HEV takes approximately 40 days from the time for infection to the start of illness. This is the most important cause of viral “Jaundice” among adults in the Indian Subcontinent. This is highly infectious and pregnant women are at special risk for severe liver complications in endemic regions like Nepal. HEV can be viewed like “bush fire” potential to inflict huge toll of sufferings and deaths in impoverished community. So saying, HEV is a public health problem in Nepal, would not be an over exaggeration. We know that viral Jaundice that includes HEV cause havoc in many parts of the country every year. For example, two outbreaks stand out and help us to understand the gravity of HEV problem in our country. One was in the premise of prime ministerial official residence in the year 2007, where then prime minister himself, some cabinet ministers along with other staffs caught this viral illness and bedridden for weeks, while the second is recent in the months of May and April in 2014. This outbreak occurred in the heart of Biratnagar, where thousands of local residences were taken ill and some of them even died. Both outbreaks caught national and international headlines and the root cause was fecal contamination of municipality supplied drinking water. These examples definitely spark a sense of urgency demanding public health address with available effective preventive tools.

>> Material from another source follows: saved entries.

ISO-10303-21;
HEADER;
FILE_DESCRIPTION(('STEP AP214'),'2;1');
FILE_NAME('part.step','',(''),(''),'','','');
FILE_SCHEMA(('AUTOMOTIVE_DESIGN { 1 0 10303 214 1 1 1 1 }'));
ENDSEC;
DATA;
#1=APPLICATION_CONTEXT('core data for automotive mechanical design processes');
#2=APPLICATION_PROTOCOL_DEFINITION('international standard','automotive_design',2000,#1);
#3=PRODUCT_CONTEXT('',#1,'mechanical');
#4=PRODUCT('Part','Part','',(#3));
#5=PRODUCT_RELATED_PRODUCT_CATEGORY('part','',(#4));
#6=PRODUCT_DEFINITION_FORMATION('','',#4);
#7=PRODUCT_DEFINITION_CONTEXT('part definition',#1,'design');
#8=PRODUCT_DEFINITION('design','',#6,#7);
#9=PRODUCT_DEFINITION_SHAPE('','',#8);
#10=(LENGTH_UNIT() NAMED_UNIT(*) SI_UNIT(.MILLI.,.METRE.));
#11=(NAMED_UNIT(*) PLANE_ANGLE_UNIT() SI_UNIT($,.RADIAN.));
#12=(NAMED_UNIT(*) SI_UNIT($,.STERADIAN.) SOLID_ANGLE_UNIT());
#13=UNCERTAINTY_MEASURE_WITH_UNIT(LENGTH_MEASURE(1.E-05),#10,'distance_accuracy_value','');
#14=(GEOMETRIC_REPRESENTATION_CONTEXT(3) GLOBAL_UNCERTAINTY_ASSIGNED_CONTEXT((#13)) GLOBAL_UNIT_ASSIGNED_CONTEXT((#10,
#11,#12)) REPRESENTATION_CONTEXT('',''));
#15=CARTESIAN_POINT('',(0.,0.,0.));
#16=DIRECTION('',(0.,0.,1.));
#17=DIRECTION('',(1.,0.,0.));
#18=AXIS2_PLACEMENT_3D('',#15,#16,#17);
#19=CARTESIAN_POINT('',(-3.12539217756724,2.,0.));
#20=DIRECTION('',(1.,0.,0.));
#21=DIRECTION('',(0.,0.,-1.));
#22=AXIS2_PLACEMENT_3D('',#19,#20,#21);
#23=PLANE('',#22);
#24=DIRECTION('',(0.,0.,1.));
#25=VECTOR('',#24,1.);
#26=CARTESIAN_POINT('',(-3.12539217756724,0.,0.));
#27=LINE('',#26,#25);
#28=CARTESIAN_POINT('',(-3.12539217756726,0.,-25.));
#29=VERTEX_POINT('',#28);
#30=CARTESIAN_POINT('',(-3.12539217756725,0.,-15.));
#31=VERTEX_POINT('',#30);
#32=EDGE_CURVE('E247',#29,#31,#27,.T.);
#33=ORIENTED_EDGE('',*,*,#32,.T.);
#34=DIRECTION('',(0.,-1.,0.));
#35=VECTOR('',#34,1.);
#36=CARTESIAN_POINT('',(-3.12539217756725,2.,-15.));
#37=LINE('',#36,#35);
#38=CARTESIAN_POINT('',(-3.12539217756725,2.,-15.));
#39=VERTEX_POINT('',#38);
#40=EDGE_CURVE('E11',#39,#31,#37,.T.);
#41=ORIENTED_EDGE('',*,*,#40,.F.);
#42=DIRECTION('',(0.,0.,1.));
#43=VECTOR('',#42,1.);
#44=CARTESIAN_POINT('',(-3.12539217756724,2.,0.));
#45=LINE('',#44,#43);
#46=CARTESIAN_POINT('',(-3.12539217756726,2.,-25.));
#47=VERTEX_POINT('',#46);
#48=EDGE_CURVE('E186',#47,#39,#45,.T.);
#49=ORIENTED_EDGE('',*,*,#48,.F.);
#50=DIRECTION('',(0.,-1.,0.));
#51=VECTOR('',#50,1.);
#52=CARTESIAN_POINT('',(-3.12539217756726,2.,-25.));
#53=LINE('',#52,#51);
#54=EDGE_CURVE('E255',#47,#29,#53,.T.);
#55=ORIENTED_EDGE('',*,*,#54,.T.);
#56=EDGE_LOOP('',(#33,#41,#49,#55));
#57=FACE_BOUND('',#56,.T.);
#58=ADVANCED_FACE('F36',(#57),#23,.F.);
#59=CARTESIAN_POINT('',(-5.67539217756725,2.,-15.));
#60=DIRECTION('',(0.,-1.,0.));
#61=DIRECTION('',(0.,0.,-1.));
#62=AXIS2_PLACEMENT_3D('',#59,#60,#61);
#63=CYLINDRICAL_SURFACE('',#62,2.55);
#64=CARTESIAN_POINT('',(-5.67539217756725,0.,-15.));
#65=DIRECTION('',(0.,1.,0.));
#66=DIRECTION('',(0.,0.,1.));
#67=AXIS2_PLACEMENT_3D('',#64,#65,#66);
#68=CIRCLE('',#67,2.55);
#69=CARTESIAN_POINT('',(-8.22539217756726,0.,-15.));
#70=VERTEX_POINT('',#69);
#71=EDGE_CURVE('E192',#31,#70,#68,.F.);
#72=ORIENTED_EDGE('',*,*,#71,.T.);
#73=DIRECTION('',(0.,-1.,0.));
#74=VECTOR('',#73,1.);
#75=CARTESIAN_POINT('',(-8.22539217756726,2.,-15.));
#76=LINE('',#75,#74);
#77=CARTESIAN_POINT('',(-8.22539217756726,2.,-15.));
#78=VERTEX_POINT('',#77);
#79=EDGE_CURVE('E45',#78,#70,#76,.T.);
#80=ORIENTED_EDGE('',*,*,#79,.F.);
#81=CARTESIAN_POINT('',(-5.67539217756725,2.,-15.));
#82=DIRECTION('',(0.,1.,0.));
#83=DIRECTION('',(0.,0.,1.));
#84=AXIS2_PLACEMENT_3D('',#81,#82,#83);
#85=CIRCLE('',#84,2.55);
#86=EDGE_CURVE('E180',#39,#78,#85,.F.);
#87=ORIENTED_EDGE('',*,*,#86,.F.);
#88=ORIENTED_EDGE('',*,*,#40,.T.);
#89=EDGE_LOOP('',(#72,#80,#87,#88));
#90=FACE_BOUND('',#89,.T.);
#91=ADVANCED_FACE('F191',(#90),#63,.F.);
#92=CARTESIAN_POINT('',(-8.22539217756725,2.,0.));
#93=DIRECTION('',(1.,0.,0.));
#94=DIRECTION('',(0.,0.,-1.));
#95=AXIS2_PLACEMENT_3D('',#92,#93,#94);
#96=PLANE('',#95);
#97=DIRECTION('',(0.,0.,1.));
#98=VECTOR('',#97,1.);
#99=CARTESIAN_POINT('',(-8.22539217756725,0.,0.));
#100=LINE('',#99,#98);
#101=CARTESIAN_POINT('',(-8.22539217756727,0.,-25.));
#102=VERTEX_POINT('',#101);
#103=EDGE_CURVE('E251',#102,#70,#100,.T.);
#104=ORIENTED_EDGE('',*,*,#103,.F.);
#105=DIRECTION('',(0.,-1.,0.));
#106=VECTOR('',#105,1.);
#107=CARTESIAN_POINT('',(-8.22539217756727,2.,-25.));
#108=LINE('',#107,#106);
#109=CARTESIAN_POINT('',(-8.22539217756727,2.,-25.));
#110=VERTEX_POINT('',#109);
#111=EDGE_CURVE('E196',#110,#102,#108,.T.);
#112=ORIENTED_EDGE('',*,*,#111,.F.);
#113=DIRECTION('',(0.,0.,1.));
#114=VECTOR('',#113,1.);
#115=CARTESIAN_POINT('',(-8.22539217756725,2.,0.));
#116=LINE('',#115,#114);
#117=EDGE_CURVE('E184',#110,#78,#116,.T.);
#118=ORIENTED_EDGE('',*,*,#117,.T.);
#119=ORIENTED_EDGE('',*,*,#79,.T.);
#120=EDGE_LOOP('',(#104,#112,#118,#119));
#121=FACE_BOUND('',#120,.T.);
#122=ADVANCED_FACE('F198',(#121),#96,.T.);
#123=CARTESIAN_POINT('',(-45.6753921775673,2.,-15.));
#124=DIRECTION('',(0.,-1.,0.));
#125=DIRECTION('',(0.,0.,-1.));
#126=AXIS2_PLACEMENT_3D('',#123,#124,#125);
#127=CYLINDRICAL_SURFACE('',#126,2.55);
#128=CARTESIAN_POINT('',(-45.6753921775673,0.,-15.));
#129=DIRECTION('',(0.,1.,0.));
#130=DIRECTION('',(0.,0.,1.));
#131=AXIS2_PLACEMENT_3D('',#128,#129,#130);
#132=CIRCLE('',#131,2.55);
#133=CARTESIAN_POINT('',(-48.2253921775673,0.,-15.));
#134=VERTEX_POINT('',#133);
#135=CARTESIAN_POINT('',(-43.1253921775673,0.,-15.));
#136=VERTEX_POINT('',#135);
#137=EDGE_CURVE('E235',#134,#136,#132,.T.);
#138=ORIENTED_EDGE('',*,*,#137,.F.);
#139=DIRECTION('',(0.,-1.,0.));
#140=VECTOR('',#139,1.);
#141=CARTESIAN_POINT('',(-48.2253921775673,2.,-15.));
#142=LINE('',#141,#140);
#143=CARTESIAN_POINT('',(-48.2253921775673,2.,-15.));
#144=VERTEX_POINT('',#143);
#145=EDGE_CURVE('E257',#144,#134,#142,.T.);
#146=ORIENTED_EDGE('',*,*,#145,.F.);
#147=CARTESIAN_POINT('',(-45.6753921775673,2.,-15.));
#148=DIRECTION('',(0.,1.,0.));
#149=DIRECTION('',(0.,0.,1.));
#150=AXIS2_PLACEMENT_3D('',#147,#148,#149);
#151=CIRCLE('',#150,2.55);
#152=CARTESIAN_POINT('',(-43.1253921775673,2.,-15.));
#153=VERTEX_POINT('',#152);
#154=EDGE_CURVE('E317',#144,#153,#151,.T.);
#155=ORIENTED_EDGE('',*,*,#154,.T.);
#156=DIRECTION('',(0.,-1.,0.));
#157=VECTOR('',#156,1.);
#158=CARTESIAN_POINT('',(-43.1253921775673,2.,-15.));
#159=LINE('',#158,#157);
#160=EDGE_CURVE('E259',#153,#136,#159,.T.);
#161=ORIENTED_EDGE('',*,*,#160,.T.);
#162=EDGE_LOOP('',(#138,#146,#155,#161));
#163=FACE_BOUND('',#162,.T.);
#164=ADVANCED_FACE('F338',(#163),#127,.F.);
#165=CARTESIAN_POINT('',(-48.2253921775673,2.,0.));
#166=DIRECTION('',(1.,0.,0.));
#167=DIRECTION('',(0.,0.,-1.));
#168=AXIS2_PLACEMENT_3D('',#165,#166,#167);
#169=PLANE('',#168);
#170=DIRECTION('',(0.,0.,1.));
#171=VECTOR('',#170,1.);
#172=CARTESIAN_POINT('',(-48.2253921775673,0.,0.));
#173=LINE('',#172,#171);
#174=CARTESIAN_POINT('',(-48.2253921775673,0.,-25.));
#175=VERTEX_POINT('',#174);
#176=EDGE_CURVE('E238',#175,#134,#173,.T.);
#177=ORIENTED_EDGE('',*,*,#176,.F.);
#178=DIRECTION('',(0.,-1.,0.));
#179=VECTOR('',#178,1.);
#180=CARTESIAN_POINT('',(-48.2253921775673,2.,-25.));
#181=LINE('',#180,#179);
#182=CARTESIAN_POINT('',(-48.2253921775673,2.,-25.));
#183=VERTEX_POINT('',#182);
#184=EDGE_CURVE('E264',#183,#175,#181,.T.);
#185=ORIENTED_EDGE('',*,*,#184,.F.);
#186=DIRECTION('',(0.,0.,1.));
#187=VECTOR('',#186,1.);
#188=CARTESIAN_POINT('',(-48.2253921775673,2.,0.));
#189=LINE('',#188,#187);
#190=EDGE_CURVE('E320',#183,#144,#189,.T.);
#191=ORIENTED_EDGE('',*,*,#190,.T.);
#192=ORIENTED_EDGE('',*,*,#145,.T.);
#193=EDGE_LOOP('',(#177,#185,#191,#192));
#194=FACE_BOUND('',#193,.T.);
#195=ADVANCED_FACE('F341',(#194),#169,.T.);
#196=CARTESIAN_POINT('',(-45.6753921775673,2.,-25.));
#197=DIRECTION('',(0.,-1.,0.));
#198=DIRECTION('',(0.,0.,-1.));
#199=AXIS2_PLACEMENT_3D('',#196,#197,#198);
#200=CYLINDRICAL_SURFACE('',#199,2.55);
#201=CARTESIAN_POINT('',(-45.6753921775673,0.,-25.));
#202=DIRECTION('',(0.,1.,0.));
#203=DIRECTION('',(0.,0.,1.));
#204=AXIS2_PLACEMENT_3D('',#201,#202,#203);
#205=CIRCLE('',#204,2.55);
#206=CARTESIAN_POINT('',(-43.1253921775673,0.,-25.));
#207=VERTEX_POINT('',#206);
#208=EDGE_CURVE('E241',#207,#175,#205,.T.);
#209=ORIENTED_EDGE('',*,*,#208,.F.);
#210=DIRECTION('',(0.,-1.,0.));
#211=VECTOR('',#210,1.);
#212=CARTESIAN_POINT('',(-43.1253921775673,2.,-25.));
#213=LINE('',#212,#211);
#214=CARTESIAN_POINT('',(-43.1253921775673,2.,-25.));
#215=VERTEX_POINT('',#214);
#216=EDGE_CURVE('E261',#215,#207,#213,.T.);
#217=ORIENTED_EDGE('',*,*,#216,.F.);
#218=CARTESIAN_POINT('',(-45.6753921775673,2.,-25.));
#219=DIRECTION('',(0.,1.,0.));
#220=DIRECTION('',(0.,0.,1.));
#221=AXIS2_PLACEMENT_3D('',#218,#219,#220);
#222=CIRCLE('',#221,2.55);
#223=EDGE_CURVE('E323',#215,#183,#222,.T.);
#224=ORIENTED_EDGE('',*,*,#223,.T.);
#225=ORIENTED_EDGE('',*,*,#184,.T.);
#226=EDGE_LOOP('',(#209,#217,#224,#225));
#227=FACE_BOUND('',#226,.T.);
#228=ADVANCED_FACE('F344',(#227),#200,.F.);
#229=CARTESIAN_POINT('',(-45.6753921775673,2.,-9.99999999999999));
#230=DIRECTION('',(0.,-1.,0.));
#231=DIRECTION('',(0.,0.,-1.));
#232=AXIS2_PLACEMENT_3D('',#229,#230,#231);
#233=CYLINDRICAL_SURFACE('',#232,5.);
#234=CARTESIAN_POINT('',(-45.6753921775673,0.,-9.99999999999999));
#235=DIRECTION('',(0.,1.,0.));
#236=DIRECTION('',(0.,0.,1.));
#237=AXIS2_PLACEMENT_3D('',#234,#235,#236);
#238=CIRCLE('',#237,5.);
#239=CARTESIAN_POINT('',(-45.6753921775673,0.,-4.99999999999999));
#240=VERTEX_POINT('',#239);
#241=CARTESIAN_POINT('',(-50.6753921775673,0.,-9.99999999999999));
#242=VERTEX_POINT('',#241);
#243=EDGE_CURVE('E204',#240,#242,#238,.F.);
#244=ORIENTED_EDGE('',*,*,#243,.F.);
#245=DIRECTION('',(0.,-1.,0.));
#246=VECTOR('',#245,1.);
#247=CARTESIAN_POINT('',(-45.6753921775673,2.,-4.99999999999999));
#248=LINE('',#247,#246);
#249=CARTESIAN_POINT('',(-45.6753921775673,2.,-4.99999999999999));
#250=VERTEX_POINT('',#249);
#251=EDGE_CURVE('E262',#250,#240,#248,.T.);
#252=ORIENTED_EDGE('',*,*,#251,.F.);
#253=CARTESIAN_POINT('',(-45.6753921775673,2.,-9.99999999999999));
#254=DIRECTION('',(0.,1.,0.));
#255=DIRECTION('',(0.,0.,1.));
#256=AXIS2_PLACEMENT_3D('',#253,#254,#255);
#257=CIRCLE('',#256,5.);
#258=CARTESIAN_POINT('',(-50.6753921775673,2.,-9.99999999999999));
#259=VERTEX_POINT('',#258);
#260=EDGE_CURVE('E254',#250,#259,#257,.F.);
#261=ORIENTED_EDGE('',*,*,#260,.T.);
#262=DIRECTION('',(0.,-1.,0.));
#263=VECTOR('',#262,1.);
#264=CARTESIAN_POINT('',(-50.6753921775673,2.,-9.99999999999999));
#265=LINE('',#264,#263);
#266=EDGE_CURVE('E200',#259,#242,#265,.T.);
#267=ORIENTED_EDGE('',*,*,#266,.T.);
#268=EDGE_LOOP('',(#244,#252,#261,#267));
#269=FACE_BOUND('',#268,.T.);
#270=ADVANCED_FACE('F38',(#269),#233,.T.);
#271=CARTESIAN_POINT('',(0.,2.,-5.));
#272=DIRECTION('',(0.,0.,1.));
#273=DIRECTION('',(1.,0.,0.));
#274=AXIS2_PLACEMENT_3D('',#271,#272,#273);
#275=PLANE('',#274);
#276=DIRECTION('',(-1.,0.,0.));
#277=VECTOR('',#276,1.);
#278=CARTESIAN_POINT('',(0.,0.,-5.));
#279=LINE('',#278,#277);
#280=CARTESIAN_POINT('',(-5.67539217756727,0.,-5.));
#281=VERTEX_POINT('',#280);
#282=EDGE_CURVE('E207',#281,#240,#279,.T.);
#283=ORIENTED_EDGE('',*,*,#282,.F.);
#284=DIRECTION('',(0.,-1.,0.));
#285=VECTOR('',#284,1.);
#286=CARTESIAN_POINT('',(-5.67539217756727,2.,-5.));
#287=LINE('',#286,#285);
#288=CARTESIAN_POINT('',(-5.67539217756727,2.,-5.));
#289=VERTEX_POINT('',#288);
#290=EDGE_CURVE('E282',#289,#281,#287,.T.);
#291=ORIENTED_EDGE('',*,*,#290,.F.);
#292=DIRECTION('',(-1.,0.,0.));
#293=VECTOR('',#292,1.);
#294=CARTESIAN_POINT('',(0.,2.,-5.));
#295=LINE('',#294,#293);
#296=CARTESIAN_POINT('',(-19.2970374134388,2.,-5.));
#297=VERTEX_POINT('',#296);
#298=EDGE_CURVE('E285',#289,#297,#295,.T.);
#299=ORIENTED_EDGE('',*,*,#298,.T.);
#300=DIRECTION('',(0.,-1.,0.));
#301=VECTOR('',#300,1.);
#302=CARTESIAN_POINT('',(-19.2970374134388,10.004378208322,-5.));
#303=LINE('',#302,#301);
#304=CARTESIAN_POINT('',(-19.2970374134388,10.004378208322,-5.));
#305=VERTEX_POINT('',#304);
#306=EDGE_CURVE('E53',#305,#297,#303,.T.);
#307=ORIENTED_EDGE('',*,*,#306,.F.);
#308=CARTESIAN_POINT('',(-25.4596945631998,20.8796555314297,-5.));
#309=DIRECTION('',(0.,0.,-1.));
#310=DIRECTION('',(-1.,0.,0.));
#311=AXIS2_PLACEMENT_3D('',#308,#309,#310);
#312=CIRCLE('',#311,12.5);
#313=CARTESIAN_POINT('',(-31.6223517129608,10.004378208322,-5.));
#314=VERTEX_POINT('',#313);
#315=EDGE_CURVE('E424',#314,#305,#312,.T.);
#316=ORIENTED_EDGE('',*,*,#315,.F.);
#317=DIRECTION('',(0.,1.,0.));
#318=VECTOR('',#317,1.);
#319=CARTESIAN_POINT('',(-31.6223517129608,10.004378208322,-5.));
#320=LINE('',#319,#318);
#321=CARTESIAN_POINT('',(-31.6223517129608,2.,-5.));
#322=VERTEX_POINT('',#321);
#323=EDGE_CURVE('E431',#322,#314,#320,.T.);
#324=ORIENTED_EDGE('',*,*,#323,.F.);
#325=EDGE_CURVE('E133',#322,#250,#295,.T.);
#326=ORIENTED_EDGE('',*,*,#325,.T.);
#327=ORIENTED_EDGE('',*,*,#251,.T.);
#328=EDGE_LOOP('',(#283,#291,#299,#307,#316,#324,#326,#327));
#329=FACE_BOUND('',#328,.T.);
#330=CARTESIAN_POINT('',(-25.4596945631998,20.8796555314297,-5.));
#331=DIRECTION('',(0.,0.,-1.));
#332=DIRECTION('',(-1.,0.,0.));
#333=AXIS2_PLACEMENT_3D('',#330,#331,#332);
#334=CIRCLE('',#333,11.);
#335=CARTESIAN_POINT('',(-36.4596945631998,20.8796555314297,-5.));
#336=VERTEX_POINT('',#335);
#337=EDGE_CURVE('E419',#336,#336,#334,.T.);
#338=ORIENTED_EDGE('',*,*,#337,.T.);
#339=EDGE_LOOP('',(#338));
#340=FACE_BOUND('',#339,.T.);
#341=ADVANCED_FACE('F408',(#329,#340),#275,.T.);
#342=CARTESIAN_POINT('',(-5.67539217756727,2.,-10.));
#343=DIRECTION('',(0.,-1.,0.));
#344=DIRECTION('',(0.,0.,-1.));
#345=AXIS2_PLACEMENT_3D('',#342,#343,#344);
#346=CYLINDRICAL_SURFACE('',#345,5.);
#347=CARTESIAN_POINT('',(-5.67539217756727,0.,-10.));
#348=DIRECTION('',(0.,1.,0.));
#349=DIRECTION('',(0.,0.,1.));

Undoubtedly, the golden rule for its primordial and primary preventions would be health education, clean water and sanitation and hygiene practices. Sadly, this disease has not caught much of global attention unlike those of recent Ebola Virus Diseases outbreak, Tuberculosis, HIV and Malaria. However, on positive note, we have safe and effective measure in our fight against this disease through vaccine along with preventive measures that adapted to the local situation. For this measure, HEV vaccine can be used as an effective public health measure to control its outbreaks in Nepal. To support his argument, he brings out the recent use of SA 14 - 14 - 2, a live attenuated vaccine against Japanese encephalitis (JE), which was used to effectively control and prevent JE in Nepal. This vaccine was not then prequalified by World Health Organization (WHO). However, Nepalese health authority decided timely to use the available vaccine in endemic districts based on its public health merits. JE vaccination started in campaign mode and later introduced into routine immunization. Now, we see such a visible public health impact that anybody can hear such a dramatic success stories of JE prevention in the country. The key strength that lies hidden in this endeavor is the robust surveillance of Acute Encephalitis Syndrome (AES), which provided clear epidemiological picture of the disease, so policy makers were able to sketch pragmatic vaccination strategy in the country. This brings us to one pertinent question related to HEV vaccination “how long do we have to wait for HEV vaccine so people can get its benefit and get protected against this ailment? When I remember those days of extreme weakness, bouts of vomiting with incessant nausea that gripped your guts, I can even now feel the suffering. Nonetheless, it is comforting to know how much we understand the basic epidemiology including the genotypic distribution of HEV circulating in Nepal. Notably, some early human phases of HEV vaccine clinical trials were also conducted in Kathmandu among Nepalese population. We have to be honest, however that the concern raised by medical as well as public health fraternity, “why is HEV vaccine still not in public health use or even in private market?” is very relevant.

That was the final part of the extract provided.